Atlassian has attributed a so-far eight-day outage of its services for around 400 customers to a "communication gap" between engineering teams and a "faulty" script that permanently deleted customer data.
Now that the company is progressing in restoring the deleted customer sites from backup, it has published a more detailed writeup that it promised earlier today.
The seeds of the outage were sewn when Atlassian folded a standalone product, Insight – Asset Management - into its Jira Software and Jira Service Management as native functionality.
“Because of this, we needed to deactivate the standalone legacy app on customer sites that had it installed”, CTO Sri Viswanath wrote.
He said the engineering teams decided to use an existing script to “deactivate instances of this standalone application”.
That turned out to be a disaster.
A miscommunication between two engineering teams – one asking for the deactivation of the instances, the other executing it – meant that instead of running the script against “the IDs of the intended app being marked for deactivation”, it was run with “the IDs of the entire cloud site where the apps were to be deactivated”.
The other mistake: the script could be asked to mark sites for deletion (which provides recoverability), or to be “permanently deleted”.
“The script was executed with the wrong execution mode and the wrong list of IDs. The result was that sites for approximately 400 customers were improperly deleted,” Viswanath wrote.
The reason behind the extended outage
Given the nature of its business, Atlassian had those sites backed up and able to be restored.
That is something that happens when individual customers accidentally delete their own environments, and in the event of a catastrophic failure, the backups can restore all customers into a new environment.
However, the deletion of 400 customers’ sites presented Atlassian with a new scenario.

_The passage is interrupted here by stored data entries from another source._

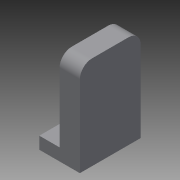
# Autodesk Inventor part: 130
Saved by Autodesk Inventor 2014 (Build 180170000, 170)
## iProperties
Created: 2017-04-22
Part Number: 130
Material: Generic
Document SubType Name: Modeling
Designer: Andy
Density: 1 g/cm^3
Appearance: Default
Author: Andy
Autodesk Inventor part; units mm, degrees
ref_plane "YZ Plane" through (0, 0, 0) normal (1, 0, 0) x (0, 1, 0)
ref_plane "XZ Plane" through (0, 0, 0) normal (0, 1, 0) x (-1, 0, 0)
ref_plane "XY Plane" through (0, 0, 0) normal (0, 0, 1) x (1, 0, 0)
sketch "Sketch1" plane through (0, 0, 0) normal (1, 0, 0) x (0, 1, 0)
  line L0 (0, 10) -> (0, 0)
  line L1 (0, 0) -> (7.5, 0)
  line L2 (7.5, 0) -> (7.5, 10)
  arc A0 (1.5, 11.5) -> (0, 10) centre (1.5, 10) ccw
  line L3 (1.5, 10) -> (1.5, 11.5) construction
  line L4 (1.5, 10) -> (0, 10) construction
  arc A1 (7.5, 10) -> (6, 11.5) centre (6, 10) ccw
  line L5 (6, 10) -> (6, 11.5) construction
  line L6 (6, 10) -> (7.5, 10) construction
  line L7 (1.5, 11.5) -> (6, 11.5)
  dimension "d0" = 7.5
  dimension "d1" = 90
  dimension "d2" = 90
  constraints: 16 end point, 4 point on circle, 2 centre point, 2 tangent, 1 parallel, 1 perpendicular, 1 vertical
  measures "d0" distance of L0.end L1.end
  measures "d1" angle of L3 L4
  measures "d2" angle of L6 L5
extrude "Extrusion1" add sketch "Sketch1" along normal blind 5
sketch "Sketch2" plane through (0, 0, 0) normal (-1, 0, 0) x (0, 0, 1)
  line L0 (10, 7.5) -> (0, 7.5) projected
  line L1 (1.5, 7.5) -> (11.5, 7.5)
  line L2 (11.5, 7.5) -> (11.5, 0)
  line L3 (11.5, 0) -> (1.5, 0)
  line L4 (1.5, 0) -> (1.5, 7.5)
  constraints: 8 end point, 2 parallel, 1 horizontal, 1 perpendicular, 1 point on line
extrude "Extrusion2" cut sketch "Sketch2" against normal blind 2.5
body "Solid1"

“What we have not (yet) automated is restoring a large subset of customers into our existing (and currently in use) environment without affecting any of our other customers,” Viswanath explained.
“Because the data deleted in this incident was only a portion of data stores that are continuing to be used by other customers, we have to manually extract and restore individual pieces from our backups.
“Each customer site recovery is a lengthy and complex process, requiring internal validation and final customer verification when the site is restored.”
At the moment, Viswanath wrote, customers are being restored in batches of 60, with a four-to-five day end-to-end restore time for each customer.
This is speeding up: “Our teams have now developed the capability to run multiple batches in parallel, which has helped to reduce our overall restore time”, the post stated.